--- Supplied entries ---

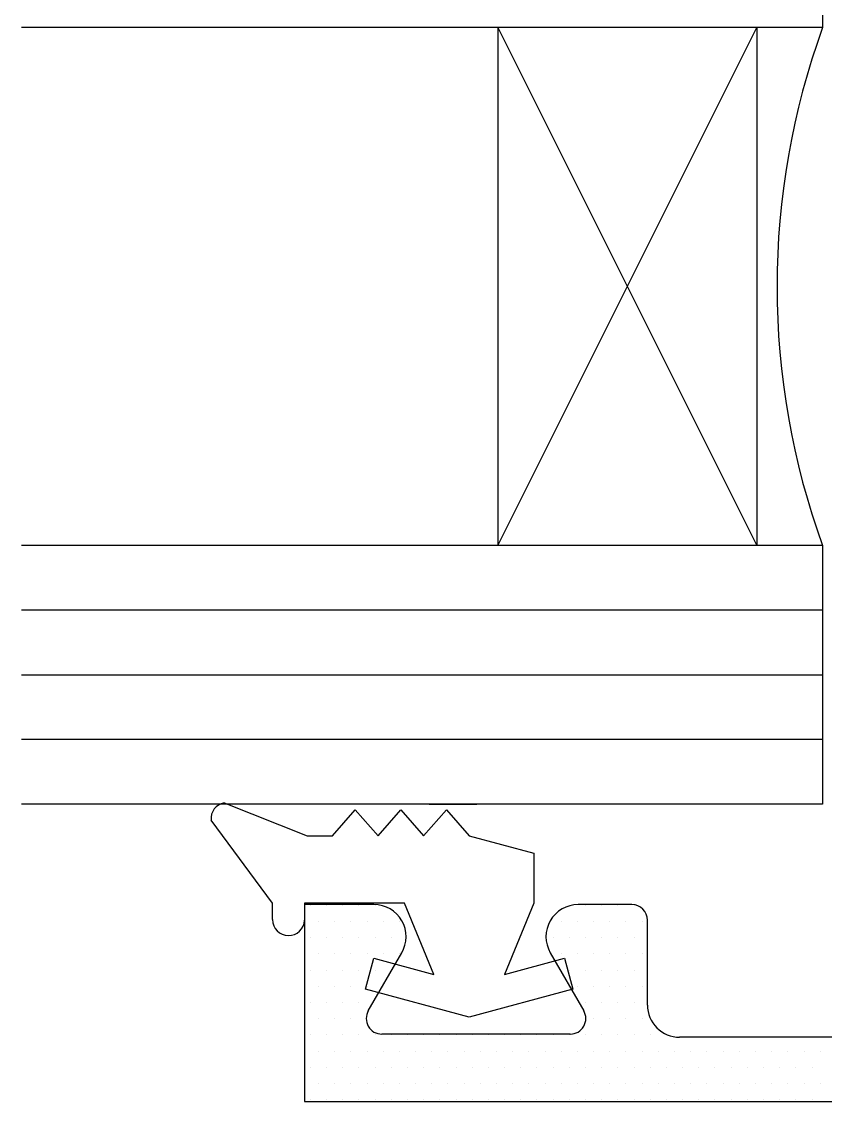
# Model space of a CAD drawing. Header units: inches. Extents: x 3.8 to 36.3, y 0.9 to 43.6.
# Drawn here: x 23.108 to 23.884, y 7.759 to 8.802 of the extents above; entities that cross this region are included whole.
import ezdxf

# ---------------------------------------------------------------- set-up
doc = ezdxf.new("R2010")
doc.units = ezdxf.units.IN
doc.header["$MEASUREMENT"] = 0
for name, color, linetype in [('R-SWTS-DET1', 1, 'Continuous'), ('R-SWTS-DET3', 5, 'Continuous'), ('R-SWTS-PAT1', 5, 'Continuous')]:
    doc.layers.add(name, color=color, linetype=linetype)

msp = doc.modelspace()

# ---------------------------------------------------------------- linework, layer by layer
at = {"layer": 'R-SWTS-DET1', "linetype": 'Continuous'}
for p, q in [((23.88105, 9.04577), (23.88105, 8.79577)), ((23.88105, 8.79577), (23.10785, 8.79577)), ((23.88105, 8.29577), (23.10785, 8.29577)), ((23.88105, 8.29577), (23.88105, 8.04577)), ((23.88105, 8.23327), (23.10785, 8.23327)), ((23.10785, 8.17077), (23.88105, 8.17077)), ((23.88105, 8.10827), (23.10785, 8.10827)), ((23.88105, 8.04577), (23.10785, 8.04577))]:
    msp.add_line(p, q, dxfattribs=at)
at = {"layer": 'R-SWTS-DET1'}
for p, q in [((23.56769, 8.79577), (23.56769, 8.29577)), ((23.81769, 8.79577), (23.81769, 8.29577)), ((23.30355, 8.04703), (23.38339, 8.01537)), ((23.40792, 8.01537), (23.42992, 8.04037)), ((23.42992, 8.04037), (23.45192, 8.01537)), ((23.45192, 8.01537), (23.47392, 8.04037)), ((23.47392, 8.04037), (23.49592, 8.01537)), ((23.49592, 8.01537), (23.51792, 8.04037)), ((23.50132, 8.04577), (23.54732, 8.04577)), ((23.51792, 8.04037), (23.53992, 8.01537)), ((23.59332, 8.04577), (23.54732, 8.04577)), ((23.35005, 7.95037), (23.29083, 8.03043)), ((23.38339, 8.01537), (23.40792, 8.01537)), ((23.53992, 8.01537), (23.60242, 7.99862)), ((23.60242, 7.99862), (23.60242, 7.95037)), ((23.35005, 7.93437), (23.35005, 7.95037)), ((23.47742, 7.95037), (23.38105, 7.95037)), ((23.38105, 7.95037), (23.38105, 7.93387)), ((23.50592, 7.88157), (23.47742, 7.95037)), ((23.60242, 7.95037), (23.57392, 7.88157)), ((23.43992, 7.86716), (23.44794, 7.89711)), ((23.44794, 7.89711), (23.50592, 7.88157)), ((23.57392, 7.88157), (23.6319, 7.89711)), ((23.6319, 7.89711), (23.63992, 7.86716)), ((23.53992, 7.84037), (23.43992, 7.86716)), ((23.63992, 7.86716), (23.53992, 7.84037))]:
    msp.add_line(p, q, dxfattribs=at)
at = {"layer": 'R-SWTS-DET1', "lineweight": 30}
for p, q in [((23.44805, 7.94886), (23.38105, 7.94886)), ((23.38105, 7.94886), (23.38105, 7.75886)), ((23.69705, 7.94886), (23.64505, 7.94886)), ((23.71205, 7.85186), (23.71205, 7.93386)), ((23.44256, 7.84636), (23.4748, 7.9022)), ((23.6182, 7.90236), (23.65053, 7.84636)), ((23.63754, 7.82386), (23.45555, 7.82386)), ((24.15005, 7.82086), (23.74305, 7.82086)), ((23.38105, 7.75886), (24.38105, 7.75886))]:
    msp.add_line(p, q, dxfattribs=at)
at = {"layer": 'R-SWTS-DET1'}
for centre, radius, start, end in [((24.57119, 8.54577), 0.73403, 160.08744, 199.91256), ((23.30573, 8.03219), 0.015, 98.33694, 186.71518), ((23.36556, 7.93458), 0.01551, 180.77652, 357.37539)]:
    msp.add_arc(centre, radius, start, end, dxfattribs=at)
at = {"layer": 'R-SWTS-DET1', "lineweight": 30}
for centre, radius, start, end in [((23.44805, 7.91786), 0.031, 329.64015, 90), ((23.44805, 7.94886), 0.00000000584, 90, 270), ((23.64505, 7.91786), 0.031, 90, 210.00256), ((23.69705, 7.93386), 0.015, 360, 90), ((23.45555, 7.83886), 0.015, 149.99981, 270), ((23.63754, 7.83886), 0.015, 270, 30.00025), ((23.74305, 7.85186), 0.031, 179.99998, 270)]:
    msp.add_arc(centre, radius, start, end, dxfattribs=at)
at = {"layer": 'R-SWTS-DET3'}
for p, q in [((23.56769, 8.79577), (23.81769, 8.29577)), ((23.56769, 8.29577), (23.81769, 8.79577))]:
    msp.add_line(p, q, dxfattribs=at)
at = {"layer": 'R-SWTS-PAT1'}
for p, q in [((23.38661, 7.94808), (23.38661, 7.94808)), ((23.40224, 7.94808), (23.40224, 7.94808)), ((23.41786, 7.94808), (23.41786, 7.94808)), ((23.43349, 7.94808), (23.43349, 7.94808)), ((23.44911, 7.94808), (23.44911, 7.94808)), ((23.65224, 7.94808), (23.65224, 7.94808)), ((23.66786, 7.94808), (23.66786, 7.94808)), ((23.68349, 7.94808), (23.68349, 7.94808)), ((23.69911, 7.94808), (23.69911, 7.94808)), ((23.39443, 7.93246), (23.39443, 7.93246)), ((23.41005, 7.93246), (23.41005, 7.93246)), ((23.42568, 7.93246), (23.42568, 7.93246)), ((23.4413, 7.93246), (23.4413, 7.93246)), ((23.45693, 7.93246), (23.45693, 7.93246)), ((23.47255, 7.93246), (23.47255, 7.93246)), ((23.6288, 7.93246), (23.6288, 7.93246)), ((23.64443, 7.93246), (23.64443, 7.93246)), ((23.66005, 7.93246), (23.66005, 7.93246)), ((23.67568, 7.93246), (23.67568, 7.93246)), ((23.6913, 7.93246), (23.6913, 7.93246)), ((23.70693, 7.93246), (23.70693, 7.93246)), ((23.38661, 7.91683), (23.38661, 7.91683)), ((23.40224, 7.91683), (23.40224, 7.91683)), ((23.41786, 7.91683), (23.41786, 7.91683)), ((23.43349, 7.91683), (23.43349, 7.91683)), ((23.44911, 7.91683), (23.44911, 7.91683)), ((23.46474, 7.91683), (23.46474, 7.91683)), ((23.62099, 7.91683), (23.62099, 7.91683)), ((23.63661, 7.91683), (23.63661, 7.91683)), ((23.65224, 7.91683), (23.65224, 7.91683)), ((23.66786, 7.91683), (23.66786, 7.91683)), ((23.68349, 7.91683), (23.68349, 7.91683)), ((23.69911, 7.91683), (23.69911, 7.91683)), ((23.39443, 7.90121), (23.39443, 7.90121)), ((23.41005, 7.90121), (23.41005, 7.90121)), ((23.42568, 7.90121), (23.42568, 7.90121)), ((23.4413, 7.90121), (23.4413, 7.90121)), ((23.45693, 7.90121), (23.45693, 7.90121)), ((23.47255, 7.90121), (23.47255, 7.90121)), ((23.6288, 7.90121), (23.6288, 7.90121)), ((23.64443, 7.90121), (23.64443, 7.90121)), ((23.66005, 7.90121), (23.66005, 7.90121)), ((23.67568, 7.90121), (23.67568, 7.90121)), ((23.6913, 7.90121), (23.6913, 7.90121)), ((23.70693, 7.90121), (23.70693, 7.90121)), ((23.38661, 7.88558), (23.38661, 7.88558)), ((23.40224, 7.88558), (23.40224, 7.88558)), ((23.41786, 7.88558), (23.41786, 7.88558)), ((23.43349, 7.88558), (23.43349, 7.88558)), ((23.44911, 7.88558), (23.44911, 7.88558)), ((23.46474, 7.88558), (23.46474, 7.88558)), ((23.63661, 7.88558), (23.63661, 7.88558)), ((23.65224, 7.88558), (23.65224, 7.88558)), ((23.66786, 7.88558), (23.66786, 7.88558)), ((23.68349, 7.88558), (23.68349, 7.88558)), ((23.69911, 7.88558), (23.69911, 7.88558)), ((23.39443, 7.86996), (23.39443, 7.86996)), ((23.41005, 7.86996), (23.41005, 7.86996)), ((23.42568, 7.86996), (23.42568, 7.86996)), ((23.4413, 7.86996), (23.4413, 7.86996)), ((23.64443, 7.86996), (23.64443, 7.86996)), ((23.66005, 7.86996), (23.66005, 7.86996)), ((23.67568, 7.86996), (23.67568, 7.86996)), ((23.6913, 7.86996), (23.6913, 7.86996)), ((23.70693, 7.86996), (23.70693, 7.86996)), ((23.38661, 7.85433), (23.38661, 7.85433)), ((23.40224, 7.85433), (23.40224, 7.85433)), ((23.41786, 7.85433), (23.41786, 7.85433)), ((23.43349, 7.85433), (23.43349, 7.85433)), ((23.65224, 7.85433), (23.65224, 7.85433)), ((23.66786, 7.85433), (23.66786, 7.85433)), ((23.68349, 7.85433), (23.68349, 7.85433)), ((23.69911, 7.85433), (23.69911, 7.85433)), ((23.39443, 7.83871), (23.39443, 7.83871)), ((23.41005, 7.83871), (23.41005, 7.83871)), ((23.42568, 7.83871), (23.42568, 7.83871)), ((23.66005, 7.83871), (23.66005, 7.83871)), ((23.67568, 7.83871), (23.67568, 7.83871)), ((23.6913, 7.83871), (23.6913, 7.83871)), ((23.70693, 7.83871), (23.70693, 7.83871)), ((23.38661, 7.82308), (23.38661, 7.82308)), ((23.40224, 7.82308), (23.40224, 7.82308)), ((23.41786, 7.82308), (23.41786, 7.82308)), ((23.43349, 7.82308), (23.43349, 7.82308)), ((23.44911, 7.82308), (23.44911, 7.82308)), ((23.46474, 7.82308), (23.46474, 7.82308)), ((23.48036, 7.82308), (23.48036, 7.82308)), ((23.49599, 7.82308), (23.49599, 7.82308)), ((23.51161, 7.82308), (23.51161, 7.82308)), ((23.52724, 7.82308), (23.52724, 7.82308)), ((23.54286, 7.82308), (23.54286, 7.82308)), ((23.55849, 7.82308), (23.55849, 7.82308)), ((23.57411, 7.82308), (23.57411, 7.82308)), ((23.58974, 7.82308), (23.58974, 7.82308)), ((23.60536, 7.82308), (23.60536, 7.82308)), ((23.62099, 7.82308), (23.62099, 7.82308)), ((23.63661, 7.82308), (23.63661, 7.82308)), ((23.65224, 7.82308), (23.65224, 7.82308)), ((23.66786, 7.82308), (23.66786, 7.82308)), ((23.68349, 7.82308), (23.68349, 7.82308)), ((23.69911, 7.82308), (23.69911, 7.82308)), ((23.71474, 7.82308), (23.71474, 7.82308)), ((23.73036, 7.82308), (23.73036, 7.82308)), ((23.39443, 7.80746), (23.39443, 7.80746)), ((23.41005, 7.80746), (23.41005, 7.80746)), ((23.42568, 7.80746), (23.42568, 7.80746)), ((23.4413, 7.80746), (23.4413, 7.80746)), ((23.45693, 7.80746), (23.45693, 7.80746)), ((23.47255, 7.80746), (23.47255, 7.80746)), ((23.48818, 7.80746), (23.48818, 7.80746)), ((23.5038, 7.80746), (23.5038, 7.80746)), ((23.51943, 7.80746), (23.51943, 7.80746)), ((23.53505, 7.80746), (23.53505, 7.80746)), ((23.55068, 7.80746), (23.55068, 7.80746)), ((23.5663, 7.80746), (23.5663, 7.80746)), ((23.58193, 7.80746), (23.58193, 7.80746)), ((23.59755, 7.80746), (23.59755, 7.80746)), ((23.61318, 7.80746), (23.61318, 7.80746)), ((23.6288, 7.80746), (23.6288, 7.80746)), ((23.64443, 7.80746), (23.64443, 7.80746)), ((23.66005, 7.80746), (23.66005, 7.80746)), ((23.67568, 7.80746), (23.67568, 7.80746)), ((23.6913, 7.80746), (23.6913, 7.80746)), ((23.70693, 7.80746), (23.70693, 7.80746)), ((23.72255, 7.80746), (23.72255, 7.80746)), ((23.73818, 7.80746), (23.73818, 7.80746)), ((23.7538, 7.80746), (23.7538, 7.80746)), ((23.76943, 7.80746), (23.76943, 7.80746)), ((23.78505, 7.80746), (23.78505, 7.80746)), ((23.80068, 7.80746), (23.80068, 7.80746)), ((23.8163, 7.80746), (23.8163, 7.80746)), ((23.83193, 7.80746), (23.83193, 7.80746)), ((23.84755, 7.80746), (23.84755, 7.80746)), ((23.86318, 7.80746), (23.86318, 7.80746)), ((23.8788, 7.80746), (23.8788, 7.80746)), ((23.38661, 7.79183), (23.38661, 7.79183)), ((23.40224, 7.79183), (23.40224, 7.79183)), ((23.41786, 7.79183), (23.41786, 7.79183)), ((23.43349, 7.79183), (23.43349, 7.79183)), ((23.44911, 7.79183), (23.44911, 7.79183)), ((23.46474, 7.79183), (23.46474, 7.79183)), ((23.48036, 7.79183), (23.48036, 7.79183)), ((23.49599, 7.79183), (23.49599, 7.79183)), ((23.51161, 7.79183), (23.51161, 7.79183)), ((23.52724, 7.79183), (23.52724, 7.79183)), ((23.54286, 7.79183), (23.54286, 7.79183)), ((23.55849, 7.79183), (23.55849, 7.79183)), ((23.57411, 7.79183), (23.57411, 7.79183)), ((23.58974, 7.79183), (23.58974, 7.79183)), ((23.60536, 7.79183), (23.60536, 7.79183)), ((23.62099, 7.79183), (23.62099, 7.79183)), ((23.63661, 7.79183), (23.63661, 7.79183)), ((23.65224, 7.79183), (23.65224, 7.79183)), ((23.66786, 7.79183), (23.66786, 7.79183)), ((23.68349, 7.79183), (23.68349, 7.79183)), ((23.69911, 7.79183), (23.69911, 7.79183)), ((23.71474, 7.79183), (23.71474, 7.79183)), ((23.73036, 7.79183), (23.73036, 7.79183)), ((23.74599, 7.79183), (23.74599, 7.79183)), ((23.76161, 7.79183), (23.76161, 7.79183)), ((23.77724, 7.79183), (23.77724, 7.79183)), ((23.79286, 7.79183), (23.79286, 7.79183)), ((23.80849, 7.79183), (23.80849, 7.79183)), ((23.82411, 7.79183), (23.82411, 7.79183)), ((23.83974, 7.79183), (23.83974, 7.79183)), ((23.85536, 7.79183), (23.85536, 7.79183)), ((23.87099, 7.79183), (23.87099, 7.79183)), ((23.39443, 7.77621), (23.39443, 7.77621)), ((23.41005, 7.77621), (23.41005, 7.77621)), ((23.42568, 7.77621), (23.42568, 7.77621)), ((23.4413, 7.77621), (23.4413, 7.77621)), ((23.45693, 7.77621), (23.45693, 7.77621)), ((23.47255, 7.77621), (23.47255, 7.77621)), ((23.48818, 7.77621), (23.48818, 7.77621)), ((23.5038, 7.77621), (23.5038, 7.77621)), ((23.51943, 7.77621), (23.51943, 7.77621)), ((23.53505, 7.77621), (23.53505, 7.77621)), ((23.55068, 7.77621), (23.55068, 7.77621)), ((23.5663, 7.77621), (23.5663, 7.77621)), ((23.58193, 7.77621), (23.58193, 7.77621)), ((23.59755, 7.77621), (23.59755, 7.77621)), ((23.61318, 7.77621), (23.61318, 7.77621)), ((23.6288, 7.77621), (23.6288, 7.77621)), ((23.64443, 7.77621), (23.64443, 7.77621)), ((23.66005, 7.77621), (23.66005, 7.77621)), ((23.67568, 7.77621), (23.67568, 7.77621)), ((23.6913, 7.77621), (23.6913, 7.77621)), ((23.70693, 7.77621), (23.70693, 7.77621)), ((23.72255, 7.77621), (23.72255, 7.77621)), ((23.73818, 7.77621), (23.73818, 7.77621)), ((23.7538, 7.77621), (23.7538, 7.77621)), ((23.76943, 7.77621), (23.76943, 7.77621)), ((23.78505, 7.77621), (23.78505, 7.77621)), ((23.80068, 7.77621), (23.80068, 7.77621)), ((23.8163, 7.77621), (23.8163, 7.77621)), ((23.83193, 7.77621), (23.83193, 7.77621)), ((23.84755, 7.77621), (23.84755, 7.77621)), ((23.86318, 7.77621), (23.86318, 7.77621)), ((23.8788, 7.77621), (23.8788, 7.77621)), ((23.38661, 7.76058), (23.38661, 7.76058)), ((23.40224, 7.76058), (23.40224, 7.76058)), ((23.41786, 7.76058), (23.41786, 7.76058)), ((23.43349, 7.76058), (23.43349, 7.76058)), ((23.44911, 7.76058), (23.44911, 7.76058)), ((23.46474, 7.76058), (23.46474, 7.76058)), ((23.48036, 7.76058), (23.48036, 7.76058)), ((23.49599, 7.76058), (23.49599, 7.76058)), ((23.51161, 7.76058), (23.51161, 7.76058)), ((23.52724, 7.76058), (23.52724, 7.76058)), ((23.54286, 7.76058), (23.54286, 7.76058)), ((23.55849, 7.76058), (23.55849, 7.76058)), ((23.57411, 7.76058), (23.57411, 7.76058)), ((23.58974, 7.76058), (23.58974, 7.76058)), ((23.60536, 7.76058), (23.60536, 7.76058)), ((23.62099, 7.76058), (23.62099, 7.76058)), ((23.63661, 7.76058), (23.63661, 7.76058)), ((23.65224, 7.76058), (23.65224, 7.76058)), ((23.66786, 7.76058), (23.66786, 7.76058)), ((23.68349, 7.76058), (23.68349, 7.76058)), ((23.69911, 7.76058), (23.69911, 7.76058)), ((23.71474, 7.76058), (23.71474, 7.76058)), ((23.73036, 7.76058), (23.73036, 7.76058)), ((23.74599, 7.76058), (23.74599, 7.76058)), ((23.76161, 7.76058), (23.76161, 7.76058)), ((23.77724, 7.76058), (23.77724, 7.76058)), ((23.79286, 7.76058), (23.79286, 7.76058)), ((23.80849, 7.76058), (23.80849, 7.76058)), ((23.82411, 7.76058), (23.82411, 7.76058)), ((23.83974, 7.76058), (23.83974, 7.76058)), ((23.85536, 7.76058), (23.85536, 7.76058)), ((23.87099, 7.76058), (23.87099, 7.76058))]:
    msp.add_line(p, q, dxfattribs=at)

doc.saveas('drawing.dxf')

---

#### How to complete this task:
Write the number of data lines with "radius", nothing else.

#### Written answer:
4